SUPPLIED RECORDS:
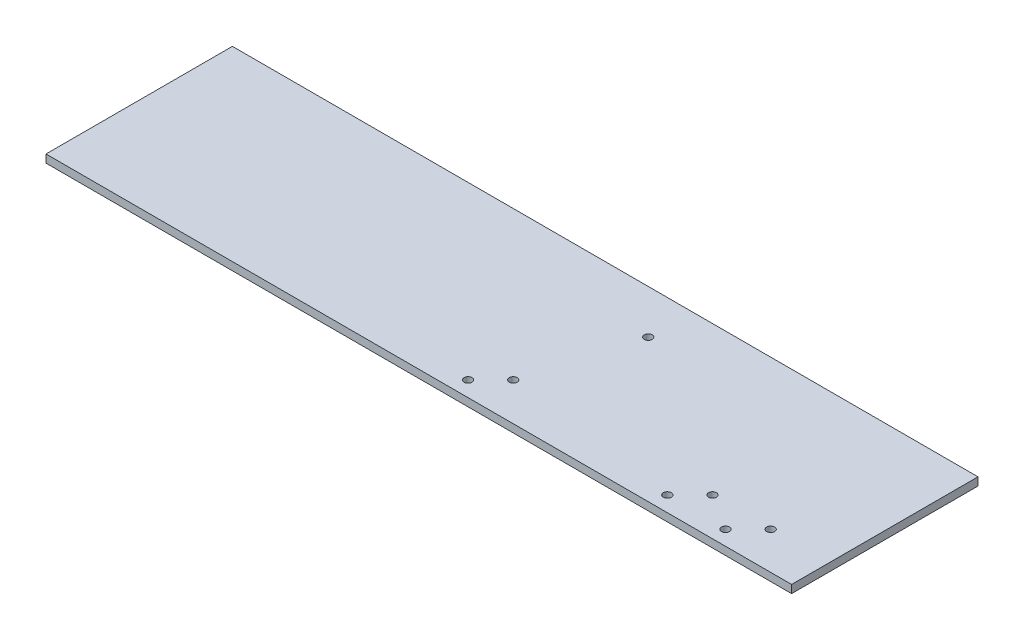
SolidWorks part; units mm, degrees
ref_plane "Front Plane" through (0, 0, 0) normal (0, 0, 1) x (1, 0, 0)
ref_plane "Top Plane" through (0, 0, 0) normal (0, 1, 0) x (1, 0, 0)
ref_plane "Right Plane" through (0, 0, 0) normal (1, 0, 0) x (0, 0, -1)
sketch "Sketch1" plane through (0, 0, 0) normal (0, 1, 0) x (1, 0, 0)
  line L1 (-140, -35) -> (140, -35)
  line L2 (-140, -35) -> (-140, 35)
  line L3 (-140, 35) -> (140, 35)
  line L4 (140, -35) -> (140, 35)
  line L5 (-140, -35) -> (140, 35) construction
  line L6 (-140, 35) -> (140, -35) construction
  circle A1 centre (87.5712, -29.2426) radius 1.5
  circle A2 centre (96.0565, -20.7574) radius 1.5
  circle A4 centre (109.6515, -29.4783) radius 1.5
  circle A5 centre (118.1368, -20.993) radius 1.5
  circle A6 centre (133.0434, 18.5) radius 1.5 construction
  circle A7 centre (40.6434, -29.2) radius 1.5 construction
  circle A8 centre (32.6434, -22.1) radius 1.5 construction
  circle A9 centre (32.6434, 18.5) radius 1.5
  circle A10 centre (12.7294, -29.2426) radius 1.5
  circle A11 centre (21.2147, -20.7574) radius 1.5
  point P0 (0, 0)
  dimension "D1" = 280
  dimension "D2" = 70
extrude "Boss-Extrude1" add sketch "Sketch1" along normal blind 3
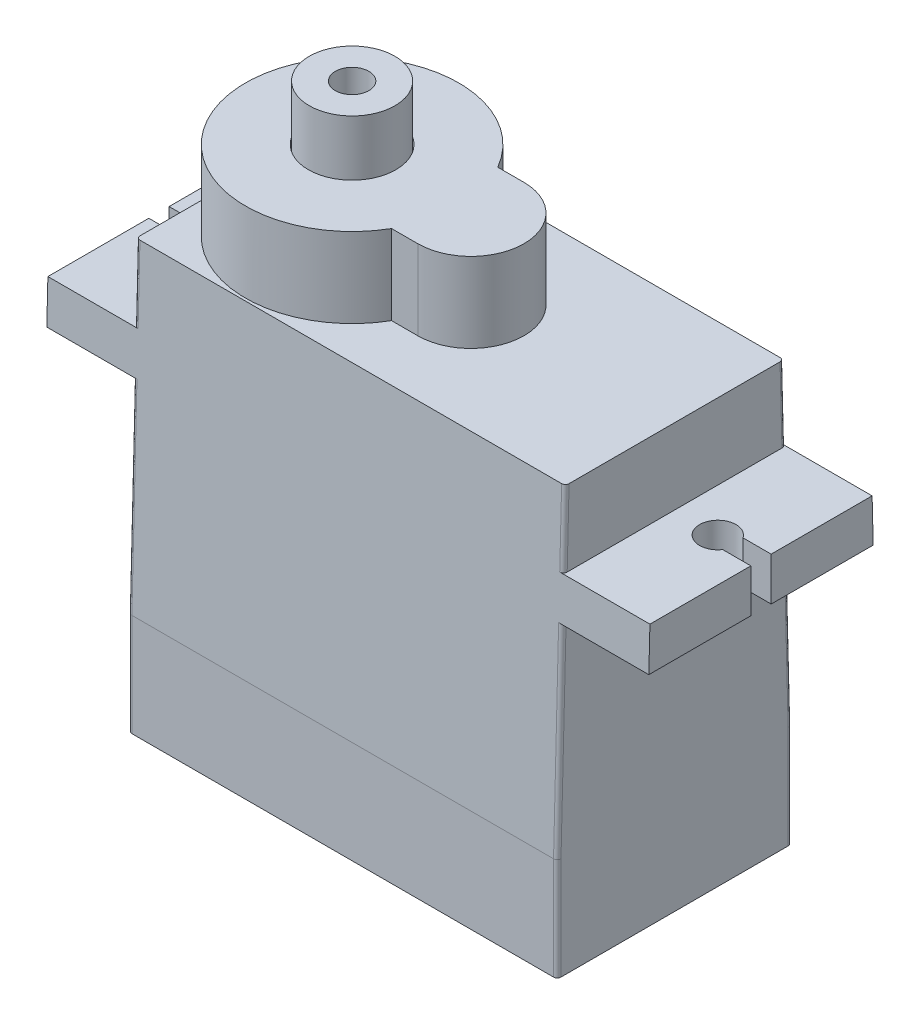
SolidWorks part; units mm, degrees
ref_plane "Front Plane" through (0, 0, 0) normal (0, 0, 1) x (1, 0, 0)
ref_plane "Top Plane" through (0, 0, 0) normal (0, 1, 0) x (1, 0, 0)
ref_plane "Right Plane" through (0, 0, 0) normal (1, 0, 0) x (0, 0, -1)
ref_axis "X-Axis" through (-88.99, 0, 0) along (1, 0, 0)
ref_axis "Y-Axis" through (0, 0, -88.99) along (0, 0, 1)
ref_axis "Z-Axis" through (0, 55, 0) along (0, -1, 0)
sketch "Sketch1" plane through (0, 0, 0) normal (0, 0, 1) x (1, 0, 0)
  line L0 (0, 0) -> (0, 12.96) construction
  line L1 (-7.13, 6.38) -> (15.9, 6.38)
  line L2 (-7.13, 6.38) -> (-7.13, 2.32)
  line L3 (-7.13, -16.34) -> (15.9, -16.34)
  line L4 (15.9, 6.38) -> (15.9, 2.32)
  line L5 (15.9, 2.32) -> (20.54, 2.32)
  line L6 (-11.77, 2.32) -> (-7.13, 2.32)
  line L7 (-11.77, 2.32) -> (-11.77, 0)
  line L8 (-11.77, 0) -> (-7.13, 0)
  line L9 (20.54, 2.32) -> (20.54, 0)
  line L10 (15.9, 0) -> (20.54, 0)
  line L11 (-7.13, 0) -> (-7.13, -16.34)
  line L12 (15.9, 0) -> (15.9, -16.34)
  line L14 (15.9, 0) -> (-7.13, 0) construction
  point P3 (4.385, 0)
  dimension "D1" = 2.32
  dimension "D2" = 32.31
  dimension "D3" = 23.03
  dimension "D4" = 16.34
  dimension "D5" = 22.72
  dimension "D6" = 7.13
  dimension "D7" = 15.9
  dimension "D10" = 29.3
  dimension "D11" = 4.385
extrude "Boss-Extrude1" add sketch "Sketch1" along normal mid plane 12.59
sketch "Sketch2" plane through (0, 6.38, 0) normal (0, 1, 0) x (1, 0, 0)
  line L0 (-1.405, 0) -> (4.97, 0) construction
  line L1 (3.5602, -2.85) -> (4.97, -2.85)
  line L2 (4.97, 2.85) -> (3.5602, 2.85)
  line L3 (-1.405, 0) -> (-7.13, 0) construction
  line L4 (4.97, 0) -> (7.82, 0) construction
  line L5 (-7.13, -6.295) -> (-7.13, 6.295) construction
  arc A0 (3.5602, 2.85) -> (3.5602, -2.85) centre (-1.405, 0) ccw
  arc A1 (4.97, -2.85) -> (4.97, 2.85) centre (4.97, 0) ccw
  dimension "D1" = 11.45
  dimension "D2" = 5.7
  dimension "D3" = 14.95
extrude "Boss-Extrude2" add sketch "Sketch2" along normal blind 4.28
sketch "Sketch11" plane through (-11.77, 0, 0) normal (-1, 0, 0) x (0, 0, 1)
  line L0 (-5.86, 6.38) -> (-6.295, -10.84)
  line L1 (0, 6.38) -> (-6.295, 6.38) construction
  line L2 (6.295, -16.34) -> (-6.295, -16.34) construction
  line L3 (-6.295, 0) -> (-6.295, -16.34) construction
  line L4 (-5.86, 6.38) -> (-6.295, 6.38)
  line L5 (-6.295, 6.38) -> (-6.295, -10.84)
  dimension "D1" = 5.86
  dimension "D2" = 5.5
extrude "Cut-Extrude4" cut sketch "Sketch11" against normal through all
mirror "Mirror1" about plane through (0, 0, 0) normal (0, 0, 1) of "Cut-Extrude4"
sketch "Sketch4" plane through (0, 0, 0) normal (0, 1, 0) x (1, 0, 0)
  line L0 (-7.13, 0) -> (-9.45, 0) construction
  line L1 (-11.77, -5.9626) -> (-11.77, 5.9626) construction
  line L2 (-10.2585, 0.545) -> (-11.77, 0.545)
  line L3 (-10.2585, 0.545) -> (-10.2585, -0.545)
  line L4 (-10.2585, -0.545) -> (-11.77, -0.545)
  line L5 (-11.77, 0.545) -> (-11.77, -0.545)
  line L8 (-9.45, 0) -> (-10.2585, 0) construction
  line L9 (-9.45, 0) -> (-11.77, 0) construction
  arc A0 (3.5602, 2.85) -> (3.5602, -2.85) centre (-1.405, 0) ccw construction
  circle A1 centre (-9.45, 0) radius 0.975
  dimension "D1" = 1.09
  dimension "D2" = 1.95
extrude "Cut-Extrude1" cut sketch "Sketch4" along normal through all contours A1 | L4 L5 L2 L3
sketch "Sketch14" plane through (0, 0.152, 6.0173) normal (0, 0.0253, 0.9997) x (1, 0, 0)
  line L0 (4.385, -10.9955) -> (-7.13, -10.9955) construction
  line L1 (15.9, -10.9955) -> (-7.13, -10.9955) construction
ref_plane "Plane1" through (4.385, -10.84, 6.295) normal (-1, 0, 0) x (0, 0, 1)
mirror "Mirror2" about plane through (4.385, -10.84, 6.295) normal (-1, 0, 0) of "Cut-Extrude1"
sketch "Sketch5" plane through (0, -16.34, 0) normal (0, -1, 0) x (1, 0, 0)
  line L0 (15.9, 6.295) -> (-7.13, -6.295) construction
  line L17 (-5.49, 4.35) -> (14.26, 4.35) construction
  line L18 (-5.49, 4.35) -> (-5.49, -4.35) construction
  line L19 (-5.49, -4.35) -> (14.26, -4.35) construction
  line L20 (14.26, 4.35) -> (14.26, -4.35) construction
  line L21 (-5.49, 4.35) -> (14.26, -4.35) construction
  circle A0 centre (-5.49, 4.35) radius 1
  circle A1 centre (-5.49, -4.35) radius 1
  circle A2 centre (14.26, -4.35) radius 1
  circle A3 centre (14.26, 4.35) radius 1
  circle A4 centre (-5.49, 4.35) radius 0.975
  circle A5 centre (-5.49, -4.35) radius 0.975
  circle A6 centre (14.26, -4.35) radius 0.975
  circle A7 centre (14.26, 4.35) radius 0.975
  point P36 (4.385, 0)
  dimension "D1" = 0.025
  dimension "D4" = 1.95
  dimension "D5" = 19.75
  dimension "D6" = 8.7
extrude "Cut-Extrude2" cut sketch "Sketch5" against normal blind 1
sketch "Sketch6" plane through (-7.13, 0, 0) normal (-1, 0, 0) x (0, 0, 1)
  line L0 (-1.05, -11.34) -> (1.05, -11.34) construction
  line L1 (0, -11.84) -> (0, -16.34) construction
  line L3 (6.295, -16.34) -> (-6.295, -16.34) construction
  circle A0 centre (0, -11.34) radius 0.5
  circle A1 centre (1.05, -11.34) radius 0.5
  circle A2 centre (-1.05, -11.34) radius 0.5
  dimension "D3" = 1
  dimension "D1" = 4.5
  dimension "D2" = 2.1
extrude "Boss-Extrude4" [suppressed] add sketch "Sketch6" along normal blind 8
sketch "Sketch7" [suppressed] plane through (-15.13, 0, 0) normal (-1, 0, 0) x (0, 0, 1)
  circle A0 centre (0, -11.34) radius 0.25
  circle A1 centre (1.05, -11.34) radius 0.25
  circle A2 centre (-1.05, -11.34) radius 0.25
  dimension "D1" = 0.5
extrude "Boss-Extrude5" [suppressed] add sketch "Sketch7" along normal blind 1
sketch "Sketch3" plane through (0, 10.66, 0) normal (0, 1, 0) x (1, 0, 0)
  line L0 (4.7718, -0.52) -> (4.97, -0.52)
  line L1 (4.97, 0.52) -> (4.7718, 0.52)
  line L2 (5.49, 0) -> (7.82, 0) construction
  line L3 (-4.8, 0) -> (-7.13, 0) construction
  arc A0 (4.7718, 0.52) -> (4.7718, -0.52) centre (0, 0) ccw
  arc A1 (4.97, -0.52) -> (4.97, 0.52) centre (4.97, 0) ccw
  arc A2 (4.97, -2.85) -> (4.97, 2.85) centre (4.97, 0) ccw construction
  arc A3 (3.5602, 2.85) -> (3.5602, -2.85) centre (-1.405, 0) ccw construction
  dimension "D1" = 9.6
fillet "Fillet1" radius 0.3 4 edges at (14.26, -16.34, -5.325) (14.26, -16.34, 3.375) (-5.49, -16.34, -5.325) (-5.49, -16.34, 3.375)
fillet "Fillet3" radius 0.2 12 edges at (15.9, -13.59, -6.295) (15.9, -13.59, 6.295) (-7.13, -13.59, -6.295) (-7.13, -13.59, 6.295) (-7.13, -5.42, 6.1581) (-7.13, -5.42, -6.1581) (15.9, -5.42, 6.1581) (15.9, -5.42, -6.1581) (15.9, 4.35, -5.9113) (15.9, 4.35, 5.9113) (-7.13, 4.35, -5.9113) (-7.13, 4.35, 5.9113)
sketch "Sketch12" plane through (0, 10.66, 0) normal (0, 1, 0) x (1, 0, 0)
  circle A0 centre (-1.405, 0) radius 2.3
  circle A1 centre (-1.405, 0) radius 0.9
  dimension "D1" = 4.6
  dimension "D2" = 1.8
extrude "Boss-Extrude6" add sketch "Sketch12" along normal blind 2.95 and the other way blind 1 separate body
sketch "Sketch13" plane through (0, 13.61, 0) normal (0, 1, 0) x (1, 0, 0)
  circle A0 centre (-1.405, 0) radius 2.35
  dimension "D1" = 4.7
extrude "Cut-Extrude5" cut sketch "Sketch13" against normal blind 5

WORK INSTRUCTIONS: Could you reproduce exactly the lines of the entries above, from the one with "line L9 (20.54, 2.32) -> (20.54, 0)" through the one with "line L0 (-1.405, 0)", and nothing else?

COMPLETED TASK:
  line L9 (20.54, 2.32) -> (20.54, 0)
  line L10 (15.9, 0) -> (20.54, 0)
  line L11 (-7.13, 0) -> (-7.13, -16.34)
  line L12 (15.9, 0) -> (15.9, -16.34)
  line L14 (15.9, 0) -> (-7.13, 0) construction
  point P3 (4.385, 0)
  dimension "D1" = 2.32
  dimension "D2" = 32.31
  dimension "D3" = 23.03
  dimension "D4" = 16.34
  dimension "D5" = 22.72
  dimension "D6" = 7.13
  dimension "D7" = 15.9
  dimension "D10" = 29.3
  dimension "D11" = 4.385
extrude "Boss-Extrude1" add sketch "Sketch1" along normal mid plane 12.59
sketch "Sketch2" plane through (0, 6.38, 0) normal (0, 1, 0) x (1, 0, 0)
  line L0 (-1.405, 0) -> (4.97, 0) construction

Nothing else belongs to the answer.